* EXERCISE DIRECTIONS *
Where the listing below has a line with "line L0 (0, 5) -> (0, -19)", write out exactly that line and every line after it, stopping after the line with "line L11 (45.5, -13.45) -> (45.5, 0)".

* GIVEN ENTRIES *

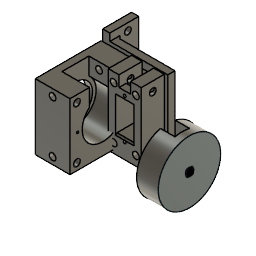
CoupDePouce (Autodesk Fusion 360 design; units mm, degrees)
Autodesk Fusion 360 part; units mm, degrees
note: some values were not read from the file. Chosen so that the rebuilt part matches the saved one: which sketch regions a step uses; where a step ends.
sketch "Esquisse1" plane through (0, 0, 0) normal (0, 1, 0) x (1, 0, 0) in component "SupportBYJ48"
  line L0 (0, 45.5) -> (-45.5, 45.5)
  line L1 (-45.5, 0) -> (0, 0)
  line L2 (0, 0) -> (0, 45.5)
  line L3 (-45.5, 13.45) -> (-33.6128, 13.45)
  line L4 (-33.6128, 32.05) -> (-45.5, 32.05)
  line L5 (-22.75, 22.75) -> (0, 22.75) construction
  arc A0 (-33.6128, 13.45) -> (-33.6128, 32.05) centre (-22.75, 22.75) ccw
  line L6 (-45.5, 45.5) -> (-45.5, 32.05)
  line L7 (-45.5, 13.45) -> (-45.5, 0)
  line L8 (-22.75, 45.5) -> (-22.75, 0) construction
  dimension "d74" = 28.6
  dimension "d81" = 18.6
  dimension "d110" = 45.5
  constraint horizontal L0
  constraint vertical L6
  constraint horizontal L1
  constraint vertical L2
  constraint horizontal L3
  constraint horizontal L4
  constraint coincident L3.start L6
  constraint coincident L1.end L2.start
  constraint coincident L5.start A0.centre
  constraint midpoint L2 L5.end
  constraint symmetric L3.start L4.end L5
  constraint equal L0 L2
  constraint midpoint L0 L8.start
  constraint midpoint L1 L8.end
  constraint coincident L5.start L8
  constraint collinear L6 L7
  measures "d74" diameter of A0
  measures "d81" distance of L3 L4
  measures "d110" distance of L0.start L1.end
extrude "Extrusion1" add sketch "Esquisse1" along normal blind 19 makes body 1 in component "SupportBYJ48"
sketch "Esquisse2" plane through (0, 0, 0) normal (0, -1, 0) x (1, 0, 0) in component "SupportBYJ48"
  line L0 (-45.5, -13.45) -> (-33.6128, -13.45)
  arc A0 (-33.6128, -32.05) -> (-33.6128, -13.45) centre (-22.75, -22.75) ccw
  line L1 (-33.6128, -32.05) -> (-45.5, -32.05)
  line L2 (-45.5, -32.05) -> (-45.5, -45.5)
  line L3 (-45.5, -45.5) -> (0, -45.5)
  line L4 (0, -45.5) -> (0, 0)
  line L5 (0, 0) -> (-45.5, 0)
  line L6 (-45.5, 0) -> (-45.5, -13.45)
  arc A1 (-33.6128, -32.05) -> (-33.6128, -13.45) centre (-22.75, -22.75) ccw
  line L7 (-45.5, 0) -> (0, 0)
  line L8 (0, 0) -> (0, -45.5)
  line L9 (0, 0) -> (-45.5, 0)
  line L10 (-45.5, -45.5) -> (0, -45.5)
  line L11 (0, -45.5) -> (0, 0)
  circle A2 centre (-22.75, -22.75) radius 14.3 construction
  circle A3 centre (-22.75, -22.75) radius 11.8
  line L12 (-45.5, 0) -> (-45.5, -45.5)
  line L13 (-45.5, -13.45) -> (-45.5, 0)
  line L14 (-45.5, -13.45) -> (-45.5, 0)
  constraint horizontal L9
  constraint horizontal L10
  constraint vertical L11
  constraint coincident L4.end L5.start
  constraint concentric A1 A2
  constraint coincident A0.start A2
  constraint coincident L3.end L4.start
  constraint vertical L12
  constraint collinear L12 L14
extrude "Extrusion2" add sketch "Esquisse2" along normal blind 5 bodies 1 in component "SupportBYJ48"
sketch "Esquisse5" plane through (0, 0, 0) normal (0, 0, 1) x (-1, 0, 0) in component "SupportBYJ48"
  line L0 (0, 5) -> (0, -19)
  line L1 (0, -19) -> (45.5, -19)
  line L2 (45.5, -19) -> (45.5, 5)
  line L3 (45.5, 5) -> (0, 5)
  circle A0 centre (4.8, -7) radius 2.3
  circle A1 centre (40.7, -7) radius 2.3
  line L4 (43, -3.3112) -> (43, -15.0162) construction
  line L5 (45.5, 5) -> (45.5, -19)
  line L6 (0, 5) -> (0, -19)
  line L7 (45.5, -7) -> (0, -7) construction
  line L8 (2.5, -3) -> (2.5, -12) construction
  dimension "d112" = 2.5
  dimension "d113" = 4.6
  dimension "d114" = 2.5
  dimension "espace_trou_patte" = 35.9
  constraint tangent A1 L4
  constraint vertical L4
  constraint equal A0 A1
  constraint midpoint L5 L7.start
  constraint midpoint L6 L7.end
  constraint coincident A1.centre L7
  constraint coincident A0.centre L7
  constraint tangent A0 L8
  constraint vertical L8
  measures "d112" distance of L4 L5
  measures "d113" diameter of A1
  measures "d114" distance of L6 L8
  measures "espace_trou_patte" distance of A0.centre A1.centre
extrude "Extrusion5" cut sketch "Esquisse5" against normal up to surface (45.5 mm away) contours A0 | A1 bodies 1 in component "SupportBYJ48"
sketch "Esquisse6" plane through (0, 19, 0) normal (0, 1, 0) x (-1, 0, 0) in component "SupportBYJ48"
  line L0 (33.6128, -13.45) -> (45.5, -13.45)
  line L1 (45.5, -13.45) -> (45.5, 0)
  line L2 (45.5, 0) -> (0, 0)
  line L3 (0, 0) -> (0, -45.5)
  line L4 (0, -45.5) -> (45.5, -45.5)
  line L5 (45.5, -45.5) -> (45.5, -32.05)
  line L6 (45.5, -32.05) -> (33.6128, -32.05)
  arc A0 (33.6128, -13.45) -> (33.6128, -32.05) centre (22.75, -22.75) ccw
  circle A1 centre (40.7, -40.7) radius 2.3
  circle A2 centre (4.8, -40.7) radius 2.3
  circle A3 centre (40.7, -4.8) radius 2.3
  circle A4 centre (4.8, -4.8) radius 2.3
  line L7 (45.5, -45.5) -> (45.5, -32.05)
  line L8 (0, -45.5) -> (45.5, -45.5)
  line L9 (0, 0) -> (0, -45.5)
  line L10 (45.5, 0) -> (0, 0)
  line L11 (45.5, -13.45) -> (45.5, 0)
  line L12 (43, -43) -> (43, -37.0409) construction
  line L13 (43, -43) -> (37.7131, -43) construction
  line L14 (0, -22.75) -> (45, -22.75) construction
  line L15 (22.75, -45.5) -> (22.75, 0) construction
  dimension "d118" = 4.6
  dimension "d120" = 2.5
  dimension "d121" = 2.5
  constraint equal A1 A3
  constraint equal A3 A4
  constraint equal A2 A4
  constraint vertical L12
  constraint perpendicular L12 L13
  constraint tangent A1 L13
  constraint tangent A1 L12
  constraint midpoint L9 L14.start
  constraint perpendicular L9 L14
  constraint midpoint L8 L15.start
  constraint midpoint L10 L15.end
  constraint symmetric A1.centre A2.centre L15
  constraint symmetric A2.centre A4.centre L14
  constraint symmetric A1.centre A3.centre L14
  measures "d118" diameter of A1
  measures "d120" distance of L7 L12
  measures "d121" distance of L8 L13
extrude "Extrusion6" cut sketch "Esquisse6" against normal up to surface (24 mm away) contours A1 | A2 | A3 | A4 bodies 1 in component "SupportBYJ48"
sketch "Esquisse7" plane through (0, 19, 0) normal (0, 1, 0) x (-1, 0, 0) in component "SupportBYJ48"
  circle A0 centre (4.8, -40.7) radius 2.3
  circle A1 centre (40.7, -4.8) radius 2.3
  circle A2 centre (40.7, -40.7) radius 2.3
  circle A3 centre (4.8, -4.8) radius 2.3
  line L0 (33.6128, -13.45) -> (45.5, -13.45)
  line L1 (45.5, -13.45) -> (45.5, 0)
  line L2 (45.5, 0) -> (0, 0)
  line L3 (0, 0) -> (0, -45.5)
  line L4 (0, -45.5) -> (45.5, -45.5)
  line L5 (45.5, -45.5) -> (45.5, -32.05)
  line L6 (45.5, -32.05) -> (33.6128, -32.05)
  arc A4 (33.6128, -13.45) -> (33.6128, -32.05) centre (22.75, -22.75) ccw
  circle A5 centre (22.75, -40.25) radius 0.75
  circle A6 centre (22.75, -5.25) radius 0.75
  arc A7 (33.6128, -13.45) -> (33.6128, -32.05) centre (22.75, -22.75) ccw
  line L7 (22.75, -22.75) -> (8.45, -22.75) construction
  dimension "d124" = 35
  dimension "d125" = 1.5
  constraint equal A5 A6
  constraint vertical A5.centre A6.centre
  constraint vertical A4.centre A5.centre
  constraint coincident A4.centre A7.centre
  constraint midpoint A4 L7.end
  constraint symmetric A5.centre A6.centre L7
  measures "d124" vertical distance of A5.centre A6.centre
  measures "d125" diameter of A5
extrude "Extrusion7" cut sketch "Esquisse7" against normal up to surface (19 mm away) contours A5 | A6 bodies 1 in component "SupportBYJ48"
sketch "Esquisse1 (2)" plane through (0, 0, 0) normal (0, 1, 0) x (1, 0, 0) in component "SupportFT90B_boite"
  line L0 (0, 0) -> (0, -48.9)
  line L1 (0, -48.9) -> (7.35, -48.9)
  line L2 (7.35, -48.9) -> (7.35, -36.3)
  line L3 (7.35, -36.3) -> (5, -36.3)
  line L4 (5, -36.3) -> (5, -12.6)
  line L5 (5, -12.6) -> (17.7, -12.6)
  line L6 (17.7, -12.6) -> (17.7, -36.3)
  line L7 (17.7, -36.3) -> (15.35, -36.3)
  line L8 (15.35, -36.3) -> (15.35, -48.9)
  line L9 (15.35, -48.9) -> (22.7, -48.9)
  line L10 (22.7, -48.9) -> (22.7, 0)
  line L11 (22.7, 0) -> (0, 0)
  line L12 (11.35, -12.6) -> (11.35, 0) construction
  line L13 (22.7, -24.45) -> (0, -24.45) construction
  dimension "d14" = 23.7
  dimension "d15" = 12.7
  dimension "d16" = 5
  dimension "d17" = 8
  dimension "d70" = 5
  dimension "d131" = 48.9
  constraint vertical L0
  constraint perpendicular L0 L1
  constraint perpendicular L1 L2
  constraint perpendicular L2 L3
  constraint perpendicular L3 L4
  constraint perpendicular L4 L5
  constraint perpendicular L5 L6
  constraint perpendicular L4 L7
  constraint perpendicular L7 L8
  constraint perpendicular L4 L9
  constraint perpendicular L9 L10
  constraint perpendicular L0 L11
  constraint coincident L0.start L11.end
  constraint collinear L1 L9
  constraint collinear L3 L7
  constraint midpoint L5 L12.start
  constraint coincident L11 L12.end
  constraint perpendicular L11 L12
  constraint symmetric L2.end L7.end L12
  constraint midpoint L10 L13.start
  constraint midpoint L0 L13.end
  constraint symmetric L5.end L6.end L13
  measures "d14" distance of L5.end L6.end
  measures "d15" distance of L4.end L5.end
  measures "d16" distance of L0 L4
  measures "d17" distance of L2 L8
  measures "d70" distance of L6 L10
  measures "d131" distance of L0.start L0.end
extrude "Extrusion1'" add sketch "Esquisse1 (2)" along normal blind 16 separate body makes body 2 in component "SupportFT90B_boite"
sketch "Esquisse3" plane through (0, 0, 0) normal (-1, 0, 0) x (0, -1, 0) in component "SupportFT90B_boite"
  line L0 (-16, 0) -> (0, 0)
  line L1 (0, 0) -> (0, 48.9)
  line L2 (0, 48.9) -> (-16, 48.9)
  line L3 (0, 48.9) -> (-16, 48.9)
  line L4 (0, 48.9) -> (0, 36.3)
  line L5 (0, 36.3) -> (-5, 36.3)
  line L6 (-5, 36.3) -> (-5, 41.3)
  line L7 (-5, 41.3) -> (0, 41.3)
  line L8 (0, 41.3) -> (0, 36.3)
  line L9 (-16, 48.9) -> (-16, 0)
  dimension "d26" = 5
  constraint horizontal L5
  constraint vertical L6
  constraint horizontal L7
  constraint vertical L8
  constraint coincident L4.end L5.start
  constraint equal L7 L8
  measures "d26" distance of L4.end L7.end
extrude "Extrusion3" add sketch "Esquisse3" against normal up to surface (22.7 mm away) contours L1 L4 L5 L6 L7 L8 bodies 2 in component "SupportFT90B_boite"
chamfer "Chanfrein1" distance 2 angle 45 1 edges at (11.35, 5, 36.3) on bodies 2 in component "SupportFT90B_boite"
sketch "Esquisse4" plane through (0, 0, 0) normal (0, -1, 0) x (1, 0, 0) in component "SupportFT90B_boite"
  line L0 (5, 36.3) -> (17.7, 36.3)
  line L1 (17.7, 36.3) -> (17.7, 12.6)
  line L2 (17.7, 12.6) -> (5, 12.6)
  line L3 (5, 12.6) -> (5, 36.3)
  line L4 (22.7, 0) -> (22.7, 48.9)
  line L5 (15.35, 41.3) -> (7.35, 41.3)
  line L6 (0, 0) -> (22.7, 0)
  line L7 (7.35, 41.3) -> (15.35, 41.3)
  line L8 (22.7, 0) -> (0, 0)
  circle A0 centre (11.35, 38.3) radius 0.95
  circle A1 centre (11.35, 10.6) radius 0.95
  line L9 (22.7, 48.9) -> (22.7, 0) construction
  line L10 (0, 0) -> (0, 48.9) construction
  line L11 (17.7, 12.6) -> (17.7, 36.3)
  line L12 (17.7, 36.3) -> (5, 36.3)
  line L13 (17.7, 24.45) -> (5, 24.45) construction
  line L14 (11.35, 36.3) -> (11.35, 12.6) construction
  line L15 (7.35, 41.3) -> (7.35, 48.9)
  line L16 (7.35, 48.9) -> (0, 48.9)
  line L17 (22.7, 48.9) -> (15.35, 48.9)
  line L18 (15.35, 48.9) -> (15.35, 41.3)
  line L19 (0, 48.9) -> (0, 0)
  circle A2 centre (19.025, 6.5) radius 2.3
  line L20 (17.7, 24.45) -> (5, 24.45) construction
  circle A3 centre (19.025, 42.4) radius 2.3
  circle A4 centre (3.675, 6.5) radius 2.3
  circle A5 centre (3.675, 42.4) radius 2.3
  line L21 (19.025, 48.9) -> (19.025, 37) construction
  dimension "d31" = 1.9
  dimension "d34" = 27.7
  dimension "d133" = 4.6
  dimension "d142" = 35.9
  constraint equal A0 A1
  constraint midpoint L11 L13.start
  constraint midpoint L3 L13.end
  constraint midpoint L12 L14.start
  constraint midpoint L2 L14.end
  constraint symmetric A0.centre A1.centre L13
  constraint coincident A0.centre L14
  constraint symmetric L20.start L13 L13.start
  constraint symmetric L20.end L13 L13.end
  constraint equal A2 A4
  constraint equal A2 A3
  constraint equal A2 A5
  constraint horizontal A3.centre A5.centre
  constraint vertical A4.centre A5.centre
  constraint horizontal A2.centre A4.centre
  constraint symmetric L13 A4.centre A5.centre
  constraint vertical A2.centre A3.centre
  constraint symmetric L14 A2.centre A4.centre
  constraint midpoint L17 L21.start
  constraint perpendicular L17 L21
  constraint coincident A3.centre L21
  measures "d31" diameter of A0
  measures "d34" distance of A0.centre A1.centre
  measures "d133" diameter of A2
  measures "d142" distance of A4.centre A5.centre
extrude "Extrusion4" cut sketch "Esquisse4" against normal up to surface (5 mm away) contours A0 | A1 bodies 2 in component "SupportFT90B_boite"
chamfer "Chanfrein2" distance 1 angle 45 1 edges at (11.35, 0, 12.6) on bodies 2 in component "SupportFT90B_boite"
sketch "Esquisse1 (3)" plane through (0, 0, 0) normal (0, 1, 0) x (1, 0, 0) in component "Patte_fixation"
  line L0 (0, 0) -> (-40, 0)
  line L1 (-40, 0) -> (-40, -50.5)
  line L2 (-40, -50.5) -> (0, -50.5)
  line L3 (0, -50.5) -> (0, 0)
  line L4 (-6, -40.9) -> (-34, -40.9)
  arc A0 (-34, -40.9) -> (-34, -45.5) centre (-34, -43.2) ccw
  line L5 (-34, -45.5) -> (-6, -45.5)
  arc A1 (-6, -45.5) -> (-6, -40.9) centre (-6, -43.2) ccw
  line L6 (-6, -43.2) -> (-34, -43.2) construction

* OUTPUT OF THE EXERCISE *
  line L0 (0, 5) -> (0, -19)
  line L1 (0, -19) -> (45.5, -19)
  line L2 (45.5, -19) -> (45.5, 5)
  line L3 (45.5, 5) -> (0, 5)
  circle A0 centre (4.8, -7) radius 2.3
  circle A1 centre (40.7, -7) radius 2.3
  line L4 (43, -3.3112) -> (43, -15.0162) construction
  line L5 (45.5, 5) -> (45.5, -19)
  line L6 (0, 5) -> (0, -19)
  line L7 (45.5, -7) -> (0, -7) construction
  line L8 (2.5, -3) -> (2.5, -12) construction
  dimension "d112" = 2.5
  dimension "d113" = 4.6
  dimension "d114" = 2.5
  dimension "espace_trou_patte" = 35.9
  constraint tangent A1 L4
  constraint vertical L4
  constraint equal A0 A1
  constraint midpoint L5 L7.start
  constraint midpoint L6 L7.end
  constraint coincident A1.centre L7
  constraint coincident A0.centre L7
  constraint tangent A0 L8
  constraint vertical L8
  measures "d112" distance of L4 L5
  measures "d113" diameter of A1
  measures "d114" distance of L6 L8
  measures "espace_trou_patte" distance of A0.centre A1.centre
extrude "Extrusion5" cut sketch "Esquisse5" against normal up to surface (45.5 mm away) contours A0 | A1 bodies 1 in component "SupportBYJ48"
sketch "Esquisse6" plane through (0, 19, 0) normal (0, 1, 0) x (-1, 0, 0) in component "SupportBYJ48"
  line L0 (33.6128, -13.45) -> (45.5, -13.45)
  line L1 (45.5, -13.45) -> (45.5, 0)
  line L2 (45.5, 0) -> (0, 0)
  line L3 (0, 0) -> (0, -45.5)
  line L4 (0, -45.5) -> (45.5, -45.5)
  line L5 (45.5, -45.5) -> (45.5, -32.05)
  line L6 (45.5, -32.05) -> (33.6128, -32.05)
  arc A0 (33.6128, -13.45) -> (33.6128, -32.05) centre (22.75, -22.75) ccw
  circle A1 centre (40.7, -40.7) radius 2.3
  circle A2 centre (4.8, -40.7) radius 2.3
  circle A3 centre (40.7, -4.8) radius 2.3
  circle A4 centre (4.8, -4.8) radius 2.3
  line L7 (45.5, -45.5) -> (45.5, -32.05)
  line L8 (0, -45.5) -> (45.5, -45.5)
  line L9 (0, 0) -> (0, -45.5)
  line L10 (45.5, 0) -> (0, 0)
  line L11 (45.5, -13.45) -> (45.5, 0)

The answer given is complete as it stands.